I'm using WinAPI's
HeapAlloc rounds up allocations to the nearest alignment. If you ask for 2 bytes, it will give you at least two bytes, but may give you more. As the documentation says:
If the HeapAlloc function succeeds, it allocates at least the amount of memory requested.
The specific alignment that HeapAlloc uses is not documented, but if I remember correctly, all of the Heap Manager APIs use an 8-byte alignment on 32-bit x86 and a 16-byte alignment on 64-bit x86. This old knowledge base article jives with my recollection. Of course, because it is not explicitly documented and subject to change in future versions of Windows and/or on different architectures, you should not rely on hard-coded alignment values.
However, if these functions do allocate more memory than request, the caller is free to use all of that memory. To determine the actual size of the allocation, you call the HeapSize function. Raymond Chen blogged about this some time ago.
So the behavior you're seeing actually makes sense, even though you are going about making the determination in entirely the wrong way. As has been pointed out in the comments already,
sizeof doesn't tell you the size of the allocation. You need HeapSize to do that. All
sizeof tells you is the size of the element
matches[lastMeal] at compile time, which is also 8 bytes instead of 2 for alignment reasons.

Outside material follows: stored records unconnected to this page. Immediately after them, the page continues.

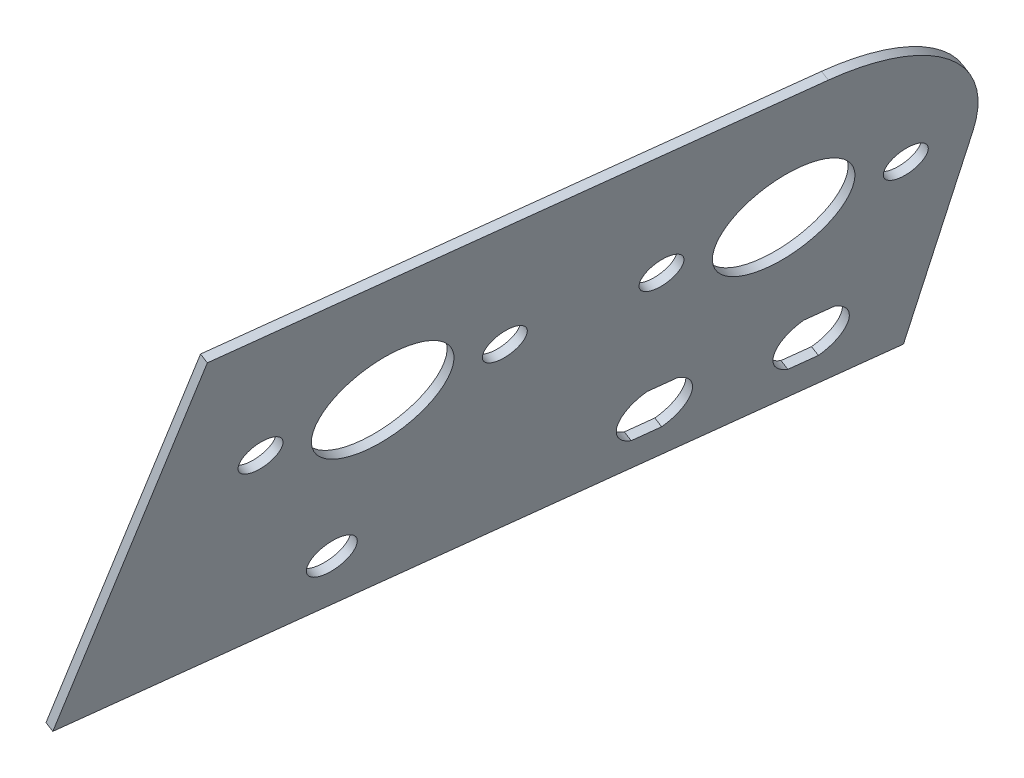
ISO-10303-21;
HEADER;
FILE_DESCRIPTION(('STEP AP214'),'2;1');
FILE_NAME('part.step','',(''),(''),'','','');
FILE_SCHEMA(('AUTOMOTIVE_DESIGN { 1 0 10303 214 1 1 1 1 }'));
ENDSEC;
DATA;
#1=APPLICATION_CONTEXT('core data for automotive mechanical design processes');
#2=APPLICATION_PROTOCOL_DEFINITION('international standard','automotive_design',2000,#1);
#3=PRODUCT_CONTEXT('',#1,'mechanical');
#4=PRODUCT('Part','Part','',(#3));
#5=PRODUCT_RELATED_PRODUCT_CATEGORY('part','',(#4));
#6=PRODUCT_DEFINITION_FORMATION('','',#4);
#7=PRODUCT_DEFINITION_CONTEXT('part definition',#1,'design');
#8=PRODUCT_DEFINITION('design','',#6,#7);
#9=PRODUCT_DEFINITION_SHAPE('','',#8);
#10=(LENGTH_UNIT() NAMED_UNIT(*) SI_UNIT(.MILLI.,.METRE.));
#11=(NAMED_UNIT(*) PLANE_ANGLE_UNIT() SI_UNIT($,.RADIAN.));
#12=(NAMED_UNIT(*) SI_UNIT($,.STERADIAN.) SOLID_ANGLE_UNIT());
#13=UNCERTAINTY_MEASURE_WITH_UNIT(LENGTH_MEASURE(1.E-05),#10,'distance_accuracy_value','');
#14=(GEOMETRIC_REPRESENTATION_CONTEXT(3) GLOBAL_UNCERTAINTY_ASSIGNED_CONTEXT((#13)) GLOBAL_UNIT_ASSIGNED_CONTEXT((#10,
#11,#12)) REPRESENTATION_CONTEXT('',''));
#15=CARTESIAN_POINT('',(0.,0.,0.));
#16=DIRECTION('',(0.,0.,1.));
#17=DIRECTION('',(1.,0.,0.));
#18=AXIS2_PLACEMENT_3D('',#15,#16,#17);
#19=CARTESIAN_POINT('',(-325.727767332464,404.275308145903,-253.984029335948));
#20=DIRECTION('',(-0.923798474245107,0.360095662141425,-0.130105699680456));
#21=DIRECTION('',(-0.363182667764731,-0.931717956162321,0.));
#22=AXIS2_PLACEMENT_3D('',#19,#20,#21);
#23=PLANE('',#22);
#24=CARTESIAN_POINT('',(-322.735755727218,404.882734459944,-273.547232034563));
#25=DIRECTION('',(-0.923798474245107,0.360095662141425,-0.130105699680456));
#26=DIRECTION('',(-0.363182667764731,-0.931717956162321,0.));
#27=AXIS2_PLACEMENT_3D('',#24,#25,#26);
#28=CIRCLE('',#27,3.55);
#29=CARTESIAN_POINT('',(-324.025054197783,401.575135715567,-273.547232034563));
#30=VERTEX_POINT('',#29);
#31=EDGE_CURVE('E207',#30,#30,#28,.T.);
#32=ORIENTED_EDGE('',*,*,#31,.F.);
#33=EDGE_LOOP('',(#32));
#34=FACE_BOUND('',#33,.T.);
#35=CARTESIAN_POINT('',(-325.727767332464,404.275308145903,-253.984029335948));
#36=DIRECTION('',(-0.923798474245107,0.360095662141425,-0.130105699680456));
#37=DIRECTION('',(-0.363182667764731,-0.931717956162321,0.));
#38=AXIS2_PLACEMENT_3D('',#35,#36,#37);
#39=CIRCLE('',#38,11.25);
#40=CARTESIAN_POINT('',(-329.813572344817,393.793481139077,-253.984029335948));
#41=VERTEX_POINT('',#40);
#42=EDGE_CURVE('E219',#41,#41,#39,.T.);
#43=ORIENTED_EDGE('',*,*,#42,.F.);
#44=EDGE_LOOP('',(#43));
#45=FACE_BOUND('',#44,.T.);
#46=CARTESIAN_POINT('',(-338.542039257965,401.673805548396,-170.198191515619));
#47=DIRECTION('',(-0.923798474245107,0.360095662141425,-0.130105699680456));
#48=DIRECTION('',(-0.363182667764731,-0.931717956162321,0.));
#49=AXIS2_PLACEMENT_3D('',#46,#47,#48);
#50=CIRCLE('',#49,3.54999999999999);
#51=CARTESIAN_POINT('',(-339.83133772853,398.366206804019,-170.198191515619));
#52=VERTEX_POINT('',#51);
#53=EDGE_CURVE('E231',#52,#52,#50,.T.);
#54=ORIENTED_EDGE('',*,*,#53,.F.);
#55=EDGE_LOOP('',(#54));
#56=FACE_BOUND('',#55,.T.);
#57=DIRECTION('',(-0.351797717362219,-0.932410836751544,-0.0827550455683421));
#58=VECTOR('',#57,1.);
#59=CARTESIAN_POINT('',(-321.092416019791,405.216358761216,-284.292172910696));
#60=LINE('',#59,#58);
#61=CARTESIAN_POINT('',(-321.092416019791,405.216358761216,-284.292172910696));
#62=VERTEX_POINT('',#61);
#63=CARTESIAN_POINT('',(-337.846782309166,360.810292660924,-288.233381955888));
#64=VERTEX_POINT('',#63);
#65=EDGE_CURVE('E243',#62,#64,#60,.T.);
#66=ORIENTED_EDGE('',*,*,#65,.T.);
#67=DIRECTION('',(-0.151111697234675,-0.0306780966687199,0.98804054033407));
#68=VECTOR('',#67,1.);
#69=CARTESIAN_POINT('',(-337.846782309166,360.810292660924,-288.233381955888));
#70=LINE('',#69,#68);
#71=CARTESIAN_POINT('',(-358.684680395967,356.579865344056,-151.985239278129));
#72=VERTEX_POINT('',#71);
#73=EDGE_CURVE('E246',#64,#72,#70,.T.);
#74=ORIENTED_EDGE('',*,*,#73,.T.);
#75=DIRECTION('',(0.363182667764731,0.931717956162321,0.));
#76=VECTOR('',#75,1.);
#77=CARTESIAN_POINT('',(-358.684680395967,356.579865344056,-151.985239278129));
#78=LINE('',#77,#76);
#79=CARTESIAN_POINT('',(-330.147905643647,429.78882548342,-151.985239278129));
#80=VERTEX_POINT('',#79);
#81=EDGE_CURVE('E249',#72,#80,#78,.T.);
#82=ORIENTED_EDGE('',*,*,#81,.T.);
#83=DIRECTION('',(0.151111697234675,0.0306780966687195,-0.98804054033407));
#84=VECTOR('',#83,1.);
#85=CARTESIAN_POINT('',(-330.147905643647,429.78882548342,-151.985239278129));
#86=LINE('',#85,#84);
#87=CARTESIAN_POINT('',(-314.936372352378,432.877010563257,-251.44551831314));
#88=VERTEX_POINT('',#87);
#89=EDGE_CURVE('E251',#80,#88,#86,.T.);
#90=ORIENTED_EDGE('',*,*,#89,.T.);
#91=CARTESIAN_POINT('',(-325.727767332464,404.275308145903,-253.984029335948));
#92=DIRECTION('',(-0.923798474245107,0.360095662141425,-0.130105699680456));
#93=DIRECTION('',(-0.363182667764731,-0.931717956162321,0.));
#94=AXIS2_PLACEMENT_3D('',#91,#92,#93);
#95=CIRCLE('',#94,30.675);
#96=EDGE_CURVE('E253',#88,#62,#95,.T.);
#97=ORIENTED_EDGE('',*,*,#96,.T.);
#98=EDGE_LOOP('',(#66,#74,#82,#90,#97));
#99=FACE_BOUND('',#98,.T.);
#100=CARTESIAN_POINT('',(-335.550027652718,402.281231862436,-189.761394214234));
#101=DIRECTION('',(-0.923798474245107,0.360095662141425,-0.130105699680456));
#102=DIRECTION('',(-0.363182667764731,-0.931717956162321,0.));
#103=AXIS2_PLACEMENT_3D('',#100,#101,#102);
#104=CIRCLE('',#103,11.25);
#105=CARTESIAN_POINT('',(-339.635832665071,391.79940485561,-189.761394214234));
#106=VERTEX_POINT('',#105);
#107=EDGE_CURVE('E237',#106,#106,#104,.T.);
#108=ORIENTED_EDGE('',*,*,#107,.F.);
#109=EDGE_LOOP('',(#108));
#110=FACE_BOUND('',#109,.T.);
#111=CARTESIAN_POINT('',(-332.558016047472,402.888658176477,-209.324596912848));
#112=DIRECTION('',(-0.923798474245107,0.360095662141425,-0.130105699680456));
#113=DIRECTION('',(-0.363182667764731,-0.931717956162321,0.));
#114=AXIS2_PLACEMENT_3D('',#111,#112,#113);
#115=CIRCLE('',#114,3.55);
#116=CARTESIAN_POINT('',(-333.847314518036,399.581059432101,-209.324596912848));
#117=VERTEX_POINT('',#116);
#118=EDGE_CURVE('E225',#117,#117,#115,.T.);
#119=ORIENTED_EDGE('',*,*,#118,.F.);
#120=EDGE_LOOP('',(#119));
#121=FACE_BOUND('',#120,.T.);
#122=CARTESIAN_POINT('',(-328.719778937711,403.667881831862,-234.420826637334));
#123=DIRECTION('',(-0.923798474245107,0.360095662141425,-0.130105699680456));
#124=DIRECTION('',(-0.363182667764731,-0.931717956162321,0.));
#125=AXIS2_PLACEMENT_3D('',#122,#123,#124);
#126=CIRCLE('',#125,3.55000000000002);
#127=CARTESIAN_POINT('',(-330.009077408276,400.360283087486,-234.420826637334));
#128=VERTEX_POINT('',#127);
#129=EDGE_CURVE('E213',#128,#128,#126,.T.);
#130=ORIENTED_EDGE('',*,*,#129,.F.);
#131=EDGE_LOOP('',(#130));
#132=FACE_BOUND('',#131,.T.);
#133=CARTESIAN_POINT('',(-347.836562931594,369.716783388889,-192.651614180708));
#134=DIRECTION('',(-0.923798474245107,0.360095662141425,-0.130105699680456));
#135=DIRECTION('',(-0.363182667764731,-0.931717956162321,0.));
#136=AXIS2_PLACEMENT_3D('',#133,#134,#135);
#137=CIRCLE('',#136,4.024999951);
#138=CARTESIAN_POINT('',(-349.298373151551,365.966618660989,-192.651614180708));
#139=VERTEX_POINT('',#138);
#140=EDGE_CURVE('E201',#139,#139,#137,.T.);
#141=ORIENTED_EDGE('',*,*,#140,.F.);
#142=EDGE_LOOP('',(#141));
#143=FACE_BOUND('',#142,.T.);
#144=DIRECTION('',(-0.151111697234677,-0.0306780966686925,0.98804054033407));
#145=VECTOR('',#144,1.);
#146=CARTESIAN_POINT('',(-337.65651983906,367.048048873044,-272.319976325119));
#147=LINE('',#146,#145);
#148=CARTESIAN_POINT('',(-337.65651983906,367.048048873044,-272.319976325119));
#149=VERTEX_POINT('',#148);
#150=CARTESIAN_POINT('',(-338.403623164843,366.896374922785,-267.435057505463));
#151=VERTEX_POINT('',#150);
#152=EDGE_CURVE('E172',#149,#151,#147,.T.);
#153=ORIENTED_EDGE('',*,*,#152,.F.);
#154=CARTESIAN_POINT('',(-336.09518405646,372.100471500048,-269.422364164665));
#155=DIRECTION('',(-0.923798474245107,0.360095662141425,-0.130105699680456));
#156=DIRECTION('',(-0.363182667764731,-0.931717956162321,0.));
#157=AXIS2_PLACEMENT_3D('',#154,#155,#156);
#158=CIRCLE('',#157,6.03000000500028);
#159=CARTESIAN_POINT('',(-333.786744948076,377.304568077311,-271.409670823867));
#160=VERTEX_POINT('',#159);
#161=EDGE_CURVE('E170',#160,#149,#158,.T.);
#162=ORIENTED_EDGE('',*,*,#161,.F.);
#163=DIRECTION('',(0.151111697234676,0.0306780966687149,-0.98804054033407));
#164=VECTOR('',#163,1.);
#165=CARTESIAN_POINT('',(-333.786744948076,377.304568077311,-271.409670823867));
#166=LINE('',#165,#164);
#167=CARTESIAN_POINT('',(-334.533848273859,377.152894127052,-266.524752004212));
#168=VERTEX_POINT('',#167);
#169=EDGE_CURVE('E178',#168,#160,#166,.T.);
#170=ORIENTED_EDGE('',*,*,#169,.F.);
#171=CARTESIAN_POINT('',(-336.09518405646,372.100471500048,-269.422364164665));
#172=DIRECTION('',(-0.923798474245107,0.360095662141425,-0.130105699680456));
#173=DIRECTION('',(-0.363182667764731,-0.931717956162321,0.));
#174=AXIS2_PLACEMENT_3D('',#171,#172,#173);
#175=CIRCLE('',#174,6.03000000500027);
#176=EDGE_CURVE('E175',#151,#168,#175,.T.);
#177=ORIENTED_EDGE('',*,*,#176,.F.);
#178=EDGE_LOOP('',(#153,#162,#170,#177));
#179=FACE_BOUND('',#178,.T.);
#180=DIRECTION('',(-0.151111697234677,-0.0306780966687151,0.98804054033407));
#181=VECTOR('',#180,1.);
#182=CARTESIAN_POINT('',(-341.494756946892,366.26882522277,-247.22374660018));
#183=LINE('',#182,#181);
#184=CARTESIAN_POINT('',(-341.494756946892,366.26882522277,-247.22374660018));
#185=VERTEX_POINT('',#184);
#186=CARTESIAN_POINT('',(-342.241860272675,366.117151272512,-242.338827780524));
#187=VERTEX_POINT('',#186);
#188=EDGE_CURVE('E142',#185,#187,#183,.T.);
#189=ORIENTED_EDGE('',*,*,#188,.F.);
#190=CARTESIAN_POINT('',(-339.93342116622,371.321247844663,-244.32613444018));
#191=DIRECTION('',(-0.923798474245107,0.360095662141425,-0.130105699680456));
#192=DIRECTION('',(-0.363182667764731,-0.931717956162321,0.));
#193=AXIS2_PLACEMENT_3D('',#190,#191,#192);
#194=CIRCLE('',#193,6.02999999999982);
#195=CARTESIAN_POINT('',(-337.624982059765,376.525344416814,-246.313441099836));
#196=VERTEX_POINT('',#195);
#197=EDGE_CURVE('E134',#196,#185,#194,.T.);
#198=ORIENTED_EDGE('',*,*,#197,.F.);
#199=DIRECTION('',(0.151111697234677,0.0306780966687263,-0.988040540334069));
#200=VECTOR('',#199,1.);
#201=CARTESIAN_POINT('',(-337.624982059765,376.525344416814,-246.313441099836));
#202=LINE('',#201,#200);
#203=CARTESIAN_POINT('',(-338.372085385548,376.373670466555,-241.42852228018));
#204=VERTEX_POINT('',#203);
#205=EDGE_CURVE('E156',#204,#196,#202,.T.);
#206=ORIENTED_EDGE('',*,*,#205,.F.);
#207=CARTESIAN_POINT('',(-339.93342116622,371.321247844663,-244.32613444018));
#208=DIRECTION('',(-0.923798474245107,0.360095662141425,-0.130105699680456));
#209=DIRECTION('',(-0.363182667764731,-0.931717956162321,0.));
#210=AXIS2_PLACEMENT_3D('',#207,#208,#209);
#211=CIRCLE('',#210,6.02999999999978);
#212=EDGE_CURVE('E154',#187,#204,#211,.T.);
#213=ORIENTED_EDGE('',*,*,#212,.F.);
#214=EDGE_LOOP('',(#189,#198,#206,#213));
#215=FACE_BOUND('',#214,.T.);
#216=ADVANCED_FACE('F39',(#34,#45,#56,#99,#110,#121,#132,#143,#179,#215),#23,.T.);
#217=CARTESIAN_POINT('',(-324.2612372546,403.703656282254,-253.777486537706));
#218=DIRECTION('',(-0.923798474245107,0.360095662141425,-0.130105699680456));
#219=DIRECTION('',(-0.363182667764731,-0.931717956162321,0.));
#220=AXIS2_PLACEMENT_3D('',#217,#218,#219);
#221=PLANE('',#220);
#222=CARTESIAN_POINT('',(-334.628653978595,371.528819636399,-269.215821366423));
#223=DIRECTION('',(-0.923798474245107,0.360095662141425,-0.130105699680456));
#224=DIRECTION('',(-0.363182667764731,-0.931717956162321,0.));
#225=AXIS2_PLACEMENT_3D('',#222,#223,#224);
#226=CIRCLE('',#225,6.03000000500028);
#227=CARTESIAN_POINT('',(-332.320214870212,376.732916213662,-271.203128025625));
#228=VERTEX_POINT('',#227);
#229=CARTESIAN_POINT('',(-336.189989761196,366.476397009394,-272.113433526876));
#230=VERTEX_POINT('',#229);
#231=EDGE_CURVE('E150',#228,#230,#226,.T.);
#232=ORIENTED_EDGE('',*,*,#231,.T.);
#233=DIRECTION('',(-0.151111697234677,-0.0306780966686925,0.98804054033407));
#234=VECTOR('',#233,1.);
#235=CARTESIAN_POINT('',(-336.189989761196,366.476397009394,-272.113433526876));
#236=LINE('',#235,#234);
#237=CARTESIAN_POINT('',(-336.937093086979,366.324723059136,-267.22851470722));
#238=VERTEX_POINT('',#237);
#239=EDGE_CURVE('E183',#230,#238,#236,.T.);
#240=ORIENTED_EDGE('',*,*,#239,.T.);
#241=CARTESIAN_POINT('',(-334.628653978595,371.528819636399,-269.215821366423));
#242=DIRECTION('',(-0.923798474245107,0.360095662141425,-0.130105699680456));
#243=DIRECTION('',(-0.363182667764731,-0.931717956162321,0.));
#244=AXIS2_PLACEMENT_3D('',#241,#242,#243);
#245=CIRCLE('',#244,6.03000000500027);
#246=CARTESIAN_POINT('',(-333.067318195995,376.581242263403,-266.318209205969));
#247=VERTEX_POINT('',#246);
#248=EDGE_CURVE('E186',#238,#247,#245,.T.);
#249=ORIENTED_EDGE('',*,*,#248,.T.);
#250=DIRECTION('',(0.151111697234676,0.0306780966687149,-0.98804054033407));
#251=VECTOR('',#250,1.);
#252=CARTESIAN_POINT('',(-332.320214870212,376.732916213662,-271.203128025625));
#253=LINE('',#252,#251);
#254=EDGE_CURVE('E173',#247,#228,#253,.T.);
#255=ORIENTED_EDGE('',*,*,#254,.T.);
#256=EDGE_LOOP('',(#232,#240,#249,#255));
#257=FACE_BOUND('',#256,.T.);
#258=DIRECTION('',(-0.351797717362219,-0.932410836751544,-0.0827550455683421));
#259=VECTOR('',#258,1.);
#260=CARTESIAN_POINT('',(-319.625885941926,404.644706897567,-284.085630112453));
#261=LINE('',#260,#259);
#262=CARTESIAN_POINT('',(-319.625885941926,404.644706897567,-284.085630112453));
#263=VERTEX_POINT('',#262);
#264=CARTESIAN_POINT('',(-336.380252231302,360.238640797274,-288.026839157646));
#265=VERTEX_POINT('',#264);
#266=EDGE_CURVE('E240',#263,#265,#261,.T.);
#267=ORIENTED_EDGE('',*,*,#266,.F.);
#268=CARTESIAN_POINT('',(-324.2612372546,403.703656282254,-253.777486537706));
#269=DIRECTION('',(-0.923798474245107,0.360095662141425,-0.130105699680456));
#270=DIRECTION('',(-0.363182667764731,-0.931717956162321,0.));
#271=AXIS2_PLACEMENT_3D('',#268,#269,#270);
#272=CIRCLE('',#271,30.675);
#273=CARTESIAN_POINT('',(-313.469842274514,432.305358699607,-251.238975514897));
#274=VERTEX_POINT('',#273);
#275=EDGE_CURVE('E247',#274,#263,#272,.T.);
#276=ORIENTED_EDGE('',*,*,#275,.F.);
#277=DIRECTION('',(0.151111697234675,0.0306780966687195,-0.98804054033407));
#278=VECTOR('',#277,1.);
#279=CARTESIAN_POINT('',(-328.681375565783,429.21717361977,-151.778696479886));
#280=LINE('',#279,#278);
#281=CARTESIAN_POINT('',(-328.681375565783,429.21717361977,-151.778696479886));
#282=VERTEX_POINT('',#281);
#283=EDGE_CURVE('E262',#282,#274,#280,.T.);
#284=ORIENTED_EDGE('',*,*,#283,.F.);
#285=DIRECTION('',(0.363182667764731,0.931717956162321,0.));
#286=VECTOR('',#285,1.);
#287=CARTESIAN_POINT('',(-357.218150318102,356.008213480407,-151.778696479886));
#288=LINE('',#287,#286);
#289=CARTESIAN_POINT('',(-357.218150318102,356.008213480407,-151.778696479886));
#290=VERTEX_POINT('',#289);
#291=EDGE_CURVE('E260',#290,#282,#288,.T.);
#292=ORIENTED_EDGE('',*,*,#291,.F.);
#293=DIRECTION('',(-0.151111697234675,-0.0306780966687199,0.98804054033407));
#294=VECTOR('',#293,1.);
#295=CARTESIAN_POINT('',(-336.380252231302,360.238640797274,-288.026839157646));
#296=LINE('',#295,#294);
#297=EDGE_CURVE('E258',#265,#290,#296,.T.);
#298=ORIENTED_EDGE('',*,*,#297,.F.);
#299=EDGE_LOOP('',(#267,#276,#284,#292,#298));
#300=FACE_BOUND('',#299,.T.);
#301=CARTESIAN_POINT('',(-334.083497574854,401.709579998787,-189.554851415991));
#302=DIRECTION('',(-0.923798474245107,0.360095662141425,-0.130105699680456));
#303=DIRECTION('',(-0.363182667764731,-0.931717956162321,0.));
#304=AXIS2_PLACEMENT_3D('',#301,#302,#303);
#305=CIRCLE('',#304,11.25);
#306=CARTESIAN_POINT('',(-338.169302587207,391.227752991961,-189.554851415991));
#307=VERTEX_POINT('',#306);
#308=EDGE_CURVE('E234',#307,#307,#305,.T.);
#309=ORIENTED_EDGE('',*,*,#308,.T.);
#310=EDGE_LOOP('',(#309));
#311=FACE_BOUND('',#310,.T.);
#312=CARTESIAN_POINT('',(-337.075509180101,401.102153684746,-169.991648717377));
#313=DIRECTION('',(-0.923798474245107,0.360095662141425,-0.130105699680456));
#314=DIRECTION('',(-0.363182667764731,-0.931717956162321,0.));
#315=AXIS2_PLACEMENT_3D('',#312,#313,#314);
#316=CIRCLE('',#315,3.54999999999999);
#317=CARTESIAN_POINT('',(-338.364807650665,397.79455494037,-169.991648717377));
#318=VERTEX_POINT('',#317);
#319=EDGE_CURVE('E228',#318,#318,#316,.T.);
#320=ORIENTED_EDGE('',*,*,#319,.T.);
#321=EDGE_LOOP('',(#320));
#322=FACE_BOUND('',#321,.T.);
#323=CARTESIAN_POINT('',(-331.091485969607,402.317006312827,-209.118054114606));
#324=DIRECTION('',(-0.923798474245107,0.360095662141425,-0.130105699680456));
#325=DIRECTION('',(-0.363182667764731,-0.931717956162321,0.));
#326=AXIS2_PLACEMENT_3D('',#323,#324,#325);
#327=CIRCLE('',#326,3.55);
#328=CARTESIAN_POINT('',(-332.380784440172,399.009407568451,-209.118054114606));
#329=VERTEX_POINT('',#328);
#330=EDGE_CURVE('E222',#329,#329,#327,.T.);
#331=ORIENTED_EDGE('',*,*,#330,.T.);
#332=EDGE_LOOP('',(#331));
#333=FACE_BOUND('',#332,.T.);
#334=CARTESIAN_POINT('',(-324.2612372546,403.703656282254,-253.777486537706));
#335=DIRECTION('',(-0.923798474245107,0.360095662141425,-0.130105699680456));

As for your edit: best practice is to track this information yourself. Whenever you pass a pointer, pass the size of the allocation along with it. Note that this should be the expected size of the allocation (the 2 bytes that you asked for), not the actual size of the allocation (the 8 bytes that the Heap Manager returned for internal alignment considerations). When you free the memory by calling
HeapFree, it knows how big the actual allocation was and will free it as necessary. There is, however, no way for your client code to determine the size of the allocation that you initially requested, which is why you need to track it yourself.